YOUR ASSIGNMENT: Please reproduce, exactly and with nothing else, every line from the one containing "#245=ORIENTED_EDGE('',*,*,#67,.T.);" through the last line of the records below.

SUPPLIED ENTRIES:
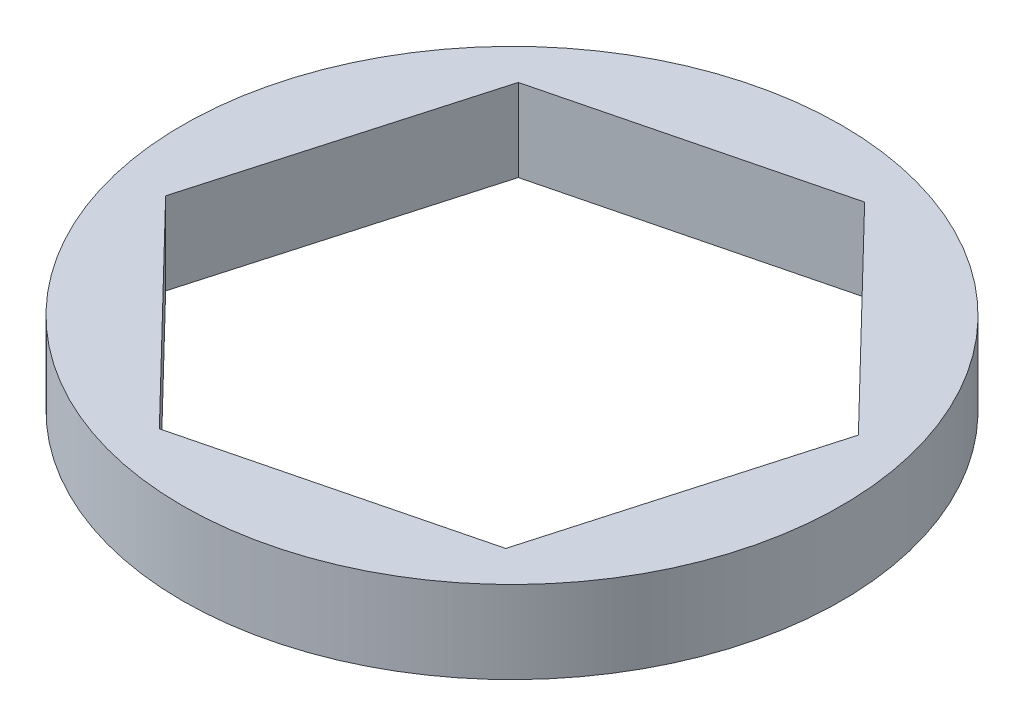
ISO-10303-21;
HEADER;
FILE_DESCRIPTION(('STEP AP214'),'2;1');
FILE_NAME('part.step','',(''),(''),'','','');
FILE_SCHEMA(('AUTOMOTIVE_DESIGN { 1 0 10303 214 1 1 1 1 }'));
ENDSEC;
DATA;
#1=APPLICATION_CONTEXT('core data for automotive mechanical design processes');
#2=APPLICATION_PROTOCOL_DEFINITION('international standard','automotive_design',2000,#1);
#3=PRODUCT_CONTEXT('',#1,'mechanical');
#4=PRODUCT('Part','Part','',(#3));
#5=PRODUCT_RELATED_PRODUCT_CATEGORY('part','',(#4));
#6=PRODUCT_DEFINITION_FORMATION('','',#4);
#7=PRODUCT_DEFINITION_CONTEXT('part definition',#1,'design');
#8=PRODUCT_DEFINITION('design','',#6,#7);
#9=PRODUCT_DEFINITION_SHAPE('','',#8);
#10=(LENGTH_UNIT() NAMED_UNIT(*) SI_UNIT(.MILLI.,.METRE.));
#11=(NAMED_UNIT(*) PLANE_ANGLE_UNIT() SI_UNIT($,.RADIAN.));
#12=(NAMED_UNIT(*) SI_UNIT($,.STERADIAN.) SOLID_ANGLE_UNIT());
#13=UNCERTAINTY_MEASURE_WITH_UNIT(LENGTH_MEASURE(1.E-05),#10,'distance_accuracy_value','');
#14=(GEOMETRIC_REPRESENTATION_CONTEXT(3) GLOBAL_UNCERTAINTY_ASSIGNED_CONTEXT((#13)) GLOBAL_UNIT_ASSIGNED_CONTEXT((#10,
#11,#12)) REPRESENTATION_CONTEXT('',''));
#15=CARTESIAN_POINT('',(0.,0.,0.));
#16=DIRECTION('',(0.,0.,1.));
#17=DIRECTION('',(1.,0.,0.));
#18=AXIS2_PLACEMENT_3D('',#15,#16,#17);
#19=CARTESIAN_POINT('',(0.,1.5875,0.));
#20=DIRECTION('',(0.,1.,0.));
#21=DIRECTION('',(0.,0.,1.));
#22=AXIS2_PLACEMENT_3D('',#19,#20,#21);
#23=PLANE('',#22);
#24=CARTESIAN_POINT('',(0.,1.5875,0.));
#25=DIRECTION('',(0.,1.,0.));
#26=DIRECTION('',(0.,0.,1.));
#27=AXIS2_PLACEMENT_3D('',#24,#25,#26);
#28=CIRCLE('',#27,6.35);
#29=CARTESIAN_POINT('',(0.,1.5875,6.35));
#30=VERTEX_POINT('',#29);
#31=EDGE_CURVE('E11',#30,#30,#28,.T.);
#32=ORIENTED_EDGE('',*,*,#31,.T.);
#33=EDGE_LOOP('',(#32));
#34=FACE_BOUND('',#33,.T.);
#35=DIRECTION('',(-0.969830096251339,0.,0.243781837726107));
#36=VECTOR('',#35,1.);
#37=CARTESIAN_POINT('',(1.50566356257848,1.5875,-5.28912584803231));
#38=LINE('',#37,#36);
#39=CARTESIAN_POINT('',(1.50566356257848,1.5875,-5.28912584803231));
#40=VERTEX_POINT('',#39);
#41=CARTESIAN_POINT('',(-3.82768556691965,1.5875,-3.9485058187617));
#42=VERTEX_POINT('',#41);
#43=EDGE_CURVE('E94',#40,#42,#38,.T.);
#44=ORIENTED_EDGE('',*,*,#43,.F.);
#45=DIRECTION('',(-0.696036312577735,0.,-0.718006581845313));
#46=VECTOR('',#45,1.);
#47=CARTESIAN_POINT('',(5.33334912949813,1.5875,-1.34062002927061));
#48=LINE('',#47,#46);
#49=CARTESIAN_POINT('',(5.33334912949813,1.5875,-1.34062002927061));
#50=VERTEX_POINT('',#49);
#51=EDGE_CURVE('E86',#50,#40,#48,.T.);
#52=ORIENTED_EDGE('',*,*,#51,.F.);
#53=DIRECTION('',(0.273793783673605,0.,-0.961788419571421));
#54=VECTOR('',#53,1.);
#55=CARTESIAN_POINT('',(3.82768556691965,1.5875,3.9485058187617));
#56=LINE('',#55,#54);
#57=CARTESIAN_POINT('',(3.82768556691965,1.5875,3.9485058187617));
#58=VERTEX_POINT('',#57);
#59=EDGE_CURVE('E114',#58,#50,#56,.T.);
#60=ORIENTED_EDGE('',*,*,#59,.F.);
#61=DIRECTION('',(0.969830096251339,0.,-0.243781837726108));
#62=VECTOR('',#61,1.);
#63=CARTESIAN_POINT('',(-1.50566356257847,1.5875,5.28912584803231));
#64=LINE('',#63,#62);
#65=CARTESIAN_POINT('',(-1.50566356257847,1.5875,5.28912584803231));
#66=VERTEX_POINT('',#65);
#67=EDGE_CURVE('E112',#66,#58,#64,.T.);
#68=ORIENTED_EDGE('',*,*,#67,.F.);
#69=DIRECTION('',(0.696036312577735,0.,0.718006581845313));
#70=VECTOR('',#69,1.);
#71=CARTESIAN_POINT('',(-5.33334912949813,1.5875,1.34062002927061));
#72=LINE('',#71,#70);
#73=CARTESIAN_POINT('',(-5.33334912949813,1.5875,1.34062002927061));
#74=VERTEX_POINT('',#73);
#75=EDGE_CURVE('E108',#74,#66,#72,.T.);
#76=ORIENTED_EDGE('',*,*,#75,.F.);
#77=DIRECTION('',(-0.273793783673604,0.,0.961788419571421));
#78=VECTOR('',#77,1.);
#79=CARTESIAN_POINT('',(-3.82768556691965,1.5875,-3.9485058187617));
#80=LINE('',#79,#78);
#81=EDGE_CURVE('E106',#42,#74,#80,.T.);
#82=ORIENTED_EDGE('',*,*,#81,.F.);
#83=EDGE_LOOP('',(#44,#52,#60,#68,#76,#82));
#84=FACE_BOUND('',#83,.T.);
#85=ADVANCED_FACE('F33',(#34,#84),#23,.T.);
#86=CARTESIAN_POINT('',(0.,0.,0.));
#87=DIRECTION('',(0.,1.,0.));
#88=DIRECTION('',(0.,0.,1.));
#89=AXIS2_PLACEMENT_3D('',#86,#87,#88);
#90=PLANE('',#89);
#91=CARTESIAN_POINT('',(0.,0.,0.));
#92=DIRECTION('',(0.,1.,0.));
#93=DIRECTION('',(0.,0.,1.));
#94=AXIS2_PLACEMENT_3D('',#91,#92,#93);
#95=CIRCLE('',#94,6.35);
#96=CARTESIAN_POINT('',(0.,0.,6.35));
#97=VERTEX_POINT('',#96);
#98=EDGE_CURVE('E37',#97,#97,#95,.T.);
#99=ORIENTED_EDGE('',*,*,#98,.F.);
#100=EDGE_LOOP('',(#99));
#101=FACE_BOUND('',#100,.T.);
#102=DIRECTION('',(-0.696036312577735,0.,-0.718006581845313));
#103=VECTOR('',#102,1.);
#104=CARTESIAN_POINT('',(5.33334912949813,0.,-1.34062002927061));
#105=LINE('',#104,#103);
#106=CARTESIAN_POINT('',(5.33334912949813,0.,-1.34062002927061));
#107=VERTEX_POINT('',#106);
#108=CARTESIAN_POINT('',(1.50566356257848,0.,-5.28912584803231));
#109=VERTEX_POINT('',#108);
#110=EDGE_CURVE('E56',#107,#109,#105,.T.);
#111=ORIENTED_EDGE('',*,*,#110,.T.);
#112=DIRECTION('',(-0.969830096251339,0.,0.243781837726107));
#113=VECTOR('',#112,1.);
#114=CARTESIAN_POINT('',(1.50566356257848,0.,-5.28912584803231));
#115=LINE('',#114,#113);
#116=CARTESIAN_POINT('',(-3.82768556691965,0.,-3.9485058187617));
#117=VERTEX_POINT('',#116);
#118=EDGE_CURVE('E101',#109,#117,#115,.T.);
#119=ORIENTED_EDGE('',*,*,#118,.T.);
#120=DIRECTION('',(-0.273793783673604,0.,0.961788419571421));
#121=VECTOR('',#120,1.);
#122=CARTESIAN_POINT('',(-3.82768556691965,0.,-3.9485058187617));
#123=LINE('',#122,#121);
#124=CARTESIAN_POINT('',(-5.33334912949813,0.,1.34062002927061));
#125=VERTEX_POINT('',#124);
#126=EDGE_CURVE('E118',#117,#125,#123,.T.);
#127=ORIENTED_EDGE('',*,*,#126,.T.);
#128=DIRECTION('',(0.696036312577735,0.,0.718006581845313));
#129=VECTOR('',#128,1.);
#130=CARTESIAN_POINT('',(-5.33334912949813,0.,1.34062002927061));
#131=LINE('',#130,#129);
#132=CARTESIAN_POINT('',(-1.50566356257847,0.,5.28912584803231));
#133=VERTEX_POINT('',#132);
#134=EDGE_CURVE('E121',#125,#133,#131,.T.);
#135=ORIENTED_EDGE('',*,*,#134,.T.);
#136=DIRECTION('',(0.969830096251339,0.,-0.243781837726108));
#137=VECTOR('',#136,1.);
#138=CARTESIAN_POINT('',(-1.50566356257847,0.,5.28912584803231));
#139=LINE('',#138,#137);
#140=CARTESIAN_POINT('',(3.82768556691965,0.,3.9485058187617));
#141=VERTEX_POINT('',#140);
#142=EDGE_CURVE('E124',#133,#141,#139,.T.);
#143=ORIENTED_EDGE('',*,*,#142,.T.);
#144=DIRECTION('',(0.273793783673605,0.,-0.961788419571421));
#145=VECTOR('',#144,1.);
#146=CARTESIAN_POINT('',(3.82768556691965,0.,3.9485058187617));
#147=LINE('',#146,#145);
#148=EDGE_CURVE('E95',#141,#107,#147,.T.);
#149=ORIENTED_EDGE('',*,*,#148,.T.);
#150=EDGE_LOOP('',(#111,#119,#127,#135,#143,#149));
#151=FACE_BOUND('',#150,.T.);
#152=ADVANCED_FACE('F141',(#101,#151),#90,.F.);
#153=CARTESIAN_POINT('',(0.,1.5875,0.));
#154=DIRECTION('',(0.,-1.,0.));
#155=DIRECTION('',(0.,0.,-1.));
#156=AXIS2_PLACEMENT_3D('',#153,#154,#155);
#157=CYLINDRICAL_SURFACE('',#156,6.35);
#158=ORIENTED_EDGE('',*,*,#31,.F.);
#159=EDGE_LOOP('',(#158));
#160=FACE_BOUND('',#159,.T.);
#161=ORIENTED_EDGE('',*,*,#98,.T.);
#162=EDGE_LOOP('',(#161));
#163=FACE_BOUND('',#162,.T.);
#164=ADVANCED_FACE('F35',(#160,#163),#157,.T.);
#165=CARTESIAN_POINT('',(5.33334912949813,1.5875,-1.34062002927061));
#166=DIRECTION('',(-0.718006581845313,0.,0.696036312577735));
#167=DIRECTION('',(0.696036312577735,0.,0.718006581845313));
#168=AXIS2_PLACEMENT_3D('',#165,#166,#167);
#169=PLANE('',#168);
#170=ORIENTED_EDGE('',*,*,#110,.F.);
#171=DIRECTION('',(0.,-1.,0.));
#172=VECTOR('',#171,1.);
#173=CARTESIAN_POINT('',(5.33334912949813,1.5875,-1.34062002927061));
#174=LINE('',#173,#172);
#175=EDGE_CURVE('E90',#50,#107,#174,.T.);
#176=ORIENTED_EDGE('',*,*,#175,.F.);
#177=ORIENTED_EDGE('',*,*,#51,.T.);
#178=DIRECTION('',(0.,-1.,0.));
#179=VECTOR('',#178,1.);
#180=CARTESIAN_POINT('',(1.50566356257848,1.5875,-5.28912584803231));
#181=LINE('',#180,#179);
#182=EDGE_CURVE('E89',#40,#109,#181,.T.);
#183=ORIENTED_EDGE('',*,*,#182,.T.);
#184=EDGE_LOOP('',(#170,#176,#177,#183));
#185=FACE_BOUND('',#184,.T.);
#186=ADVANCED_FACE('F88',(#185),#169,.T.);
#187=CARTESIAN_POINT('',(1.50566356257848,1.5875,-5.28912584803231));
#188=DIRECTION('',(0.243781837726107,0.,0.969830096251339));
#189=DIRECTION('',(0.969830096251339,0.,-0.243781837726107));
#190=AXIS2_PLACEMENT_3D('',#187,#188,#189);
#191=PLANE('',#190);
#192=ORIENTED_EDGE('',*,*,#118,.F.);
#193=ORIENTED_EDGE('',*,*,#182,.F.);
#194=ORIENTED_EDGE('',*,*,#43,.T.);
#195=DIRECTION('',(0.,-1.,0.));
#196=VECTOR('',#195,1.);
#197=CARTESIAN_POINT('',(-3.82768556691965,1.5875,-3.9485058187617));
#198=LINE('',#197,#196);
#199=EDGE_CURVE('E102',#42,#117,#198,.T.);
#200=ORIENTED_EDGE('',*,*,#199,.T.);
#201=EDGE_LOOP('',(#192,#193,#194,#200));
#202=FACE_BOUND('',#201,.T.);
#203=ADVANCED_FACE('F98',(#202),#191,.T.);
#204=CARTESIAN_POINT('',(-3.82768556691965,1.5875,-3.9485058187617));
#205=DIRECTION('',(0.961788419571421,0.,0.273793783673604));
#206=DIRECTION('',(0.273793783673604,0.,-0.961788419571421));
#207=AXIS2_PLACEMENT_3D('',#204,#205,#206);
#208=PLANE('',#207);
#209=ORIENTED_EDGE('',*,*,#126,.F.);
#210=ORIENTED_EDGE('',*,*,#199,.F.);
#211=ORIENTED_EDGE('',*,*,#81,.T.);
#212=DIRECTION('',(0.,-1.,0.));
#213=VECTOR('',#212,1.);
#214=CARTESIAN_POINT('',(-5.33334912949813,1.5875,1.34062002927061));
#215=LINE('',#214,#213);
#216=EDGE_CURVE('E133',#74,#125,#215,.T.);
#217=ORIENTED_EDGE('',*,*,#216,.T.);
#218=EDGE_LOOP('',(#209,#210,#211,#217));
#219=FACE_BOUND('',#218,.T.);
#220=ADVANCED_FACE('F137',(#219),#208,.T.);
#221=CARTESIAN_POINT('',(-5.33334912949813,1.5875,1.34062002927061));
#222=DIRECTION('',(0.718006581845313,0.,-0.696036312577735));
#223=DIRECTION('',(-0.696036312577735,0.,-0.718006581845313));
#224=AXIS2_PLACEMENT_3D('',#221,#222,#223);
#225=PLANE('',#224);
#226=ORIENTED_EDGE('',*,*,#134,.F.);
#227=ORIENTED_EDGE('',*,*,#216,.F.);
#228=ORIENTED_EDGE('',*,*,#75,.T.);
#229=DIRECTION('',(0.,-1.,0.));
#230=VECTOR('',#229,1.);
#231=CARTESIAN_POINT('',(-1.50566356257847,1.5875,5.28912584803231));
#232=LINE('',#231,#230);
#233=EDGE_CURVE('E131',#66,#133,#232,.T.);
#234=ORIENTED_EDGE('',*,*,#233,.T.);
#235=EDGE_LOOP('',(#226,#227,#228,#234));
#236=FACE_BOUND('',#235,.T.);
#237=ADVANCED_FACE('F149',(#236),#225,.T.);
#238=CARTESIAN_POINT('',(-1.50566356257847,1.5875,5.28912584803231));
#239=DIRECTION('',(-0.243781837726108,0.,-0.969830096251339));
#240=DIRECTION('',(-0.969830096251339,0.,0.243781837726108));
#241=AXIS2_PLACEMENT_3D('',#238,#239,#240);
#242=PLANE('',#241);
#243=ORIENTED_EDGE('',*,*,#142,.F.);
#244=ORIENTED_EDGE('',*,*,#233,.F.);
#245=ORIENTED_EDGE('',*,*,#67,.T.);
#246=DIRECTION('',(0.,-1.,0.));
#247=VECTOR('',#246,1.);
#248=CARTESIAN_POINT('',(3.82768556691965,1.5875,3.9485058187617));
#249=LINE('',#248,#247);
#250=EDGE_CURVE('E48',#58,#141,#249,.T.);
#251=ORIENTED_EDGE('',*,*,#250,.T.);
#252=EDGE_LOOP('',(#243,#244,#245,#251));
#253=FACE_BOUND('',#252,.T.);
#254=ADVANCED_FACE('F147',(#253),#242,.T.);
#255=CARTESIAN_POINT('',(3.82768556691965,1.5875,3.9485058187617));
#256=DIRECTION('',(-0.961788419571421,0.,-0.273793783673605));
#257=DIRECTION('',(-0.273793783673605,0.,0.961788419571421));
#258=AXIS2_PLACEMENT_3D('',#255,#256,#257);
#259=PLANE('',#258);
#260=ORIENTED_EDGE('',*,*,#148,.F.);
#261=ORIENTED_EDGE('',*,*,#250,.F.);
#262=ORIENTED_EDGE('',*,*,#59,.T.);
#263=ORIENTED_EDGE('',*,*,#175,.T.);
#264=EDGE_LOOP('',(#260,#261,#262,#263));
#265=FACE_BOUND('',#264,.T.);
#266=ADVANCED_FACE('F143',(#265),#259,.T.);
#267=CLOSED_SHELL('',(#85,#152,#164,#186,#203,#220,#237,#254,#266));
#268=MANIFOLD_SOLID_BREP('B2',#267);
#269=ADVANCED_BREP_SHAPE_REPRESENTATION('',(#18,#268),#14);
#270=SHAPE_DEFINITION_REPRESENTATION(#9,#269);
ENDSEC;
END-ISO-10303-21;

SOLVED PROBLEM:
#245=ORIENTED_EDGE('',*,*,#67,.T.);
#246=DIRECTION('',(0.,-1.,0.));
#247=VECTOR('',#246,1.);
#248=CARTESIAN_POINT('',(3.82768556691965,1.5875,3.9485058187617));
#249=LINE('',#248,#247);
#250=EDGE_CURVE('E48',#58,#141,#249,.T.);
#251=ORIENTED_EDGE('',*,*,#250,.T.);
#252=EDGE_LOOP('',(#243,#244,#245,#251));
#253=FACE_BOUND('',#252,.T.);
#254=ADVANCED_FACE('F147',(#253),#242,.T.);
#255=CARTESIAN_POINT('',(3.82768556691965,1.5875,3.9485058187617));
#256=DIRECTION('',(-0.961788419571421,0.,-0.273793783673605));
#257=DIRECTION('',(-0.273793783673605,0.,0.961788419571421));
#258=AXIS2_PLACEMENT_3D('',#255,#256,#257);
#259=PLANE('',#258);
#260=ORIENTED_EDGE('',*,*,#148,.F.);
#261=ORIENTED_EDGE('',*,*,#250,.F.);
#262=ORIENTED_EDGE('',*,*,#59,.T.);
#263=ORIENTED_EDGE('',*,*,#175,.T.);
#264=EDGE_LOOP('',(#260,#261,#262,#263));
#265=FACE_BOUND('',#264,.T.);
#266=ADVANCED_FACE('F143',(#265),#259,.T.);
#267=CLOSED_SHELL('',(#85,#152,#164,#186,#203,#220,#237,#254,#266));
#268=MANIFOLD_SOLID_BREP('B2',#267);
#269=ADVANCED_BREP_SHAPE_REPRESENTATION('',(#18,#268),#14);
#270=SHAPE_DEFINITION_REPRESENTATION(#9,#269);
ENDSEC;
END-ISO-10303-21;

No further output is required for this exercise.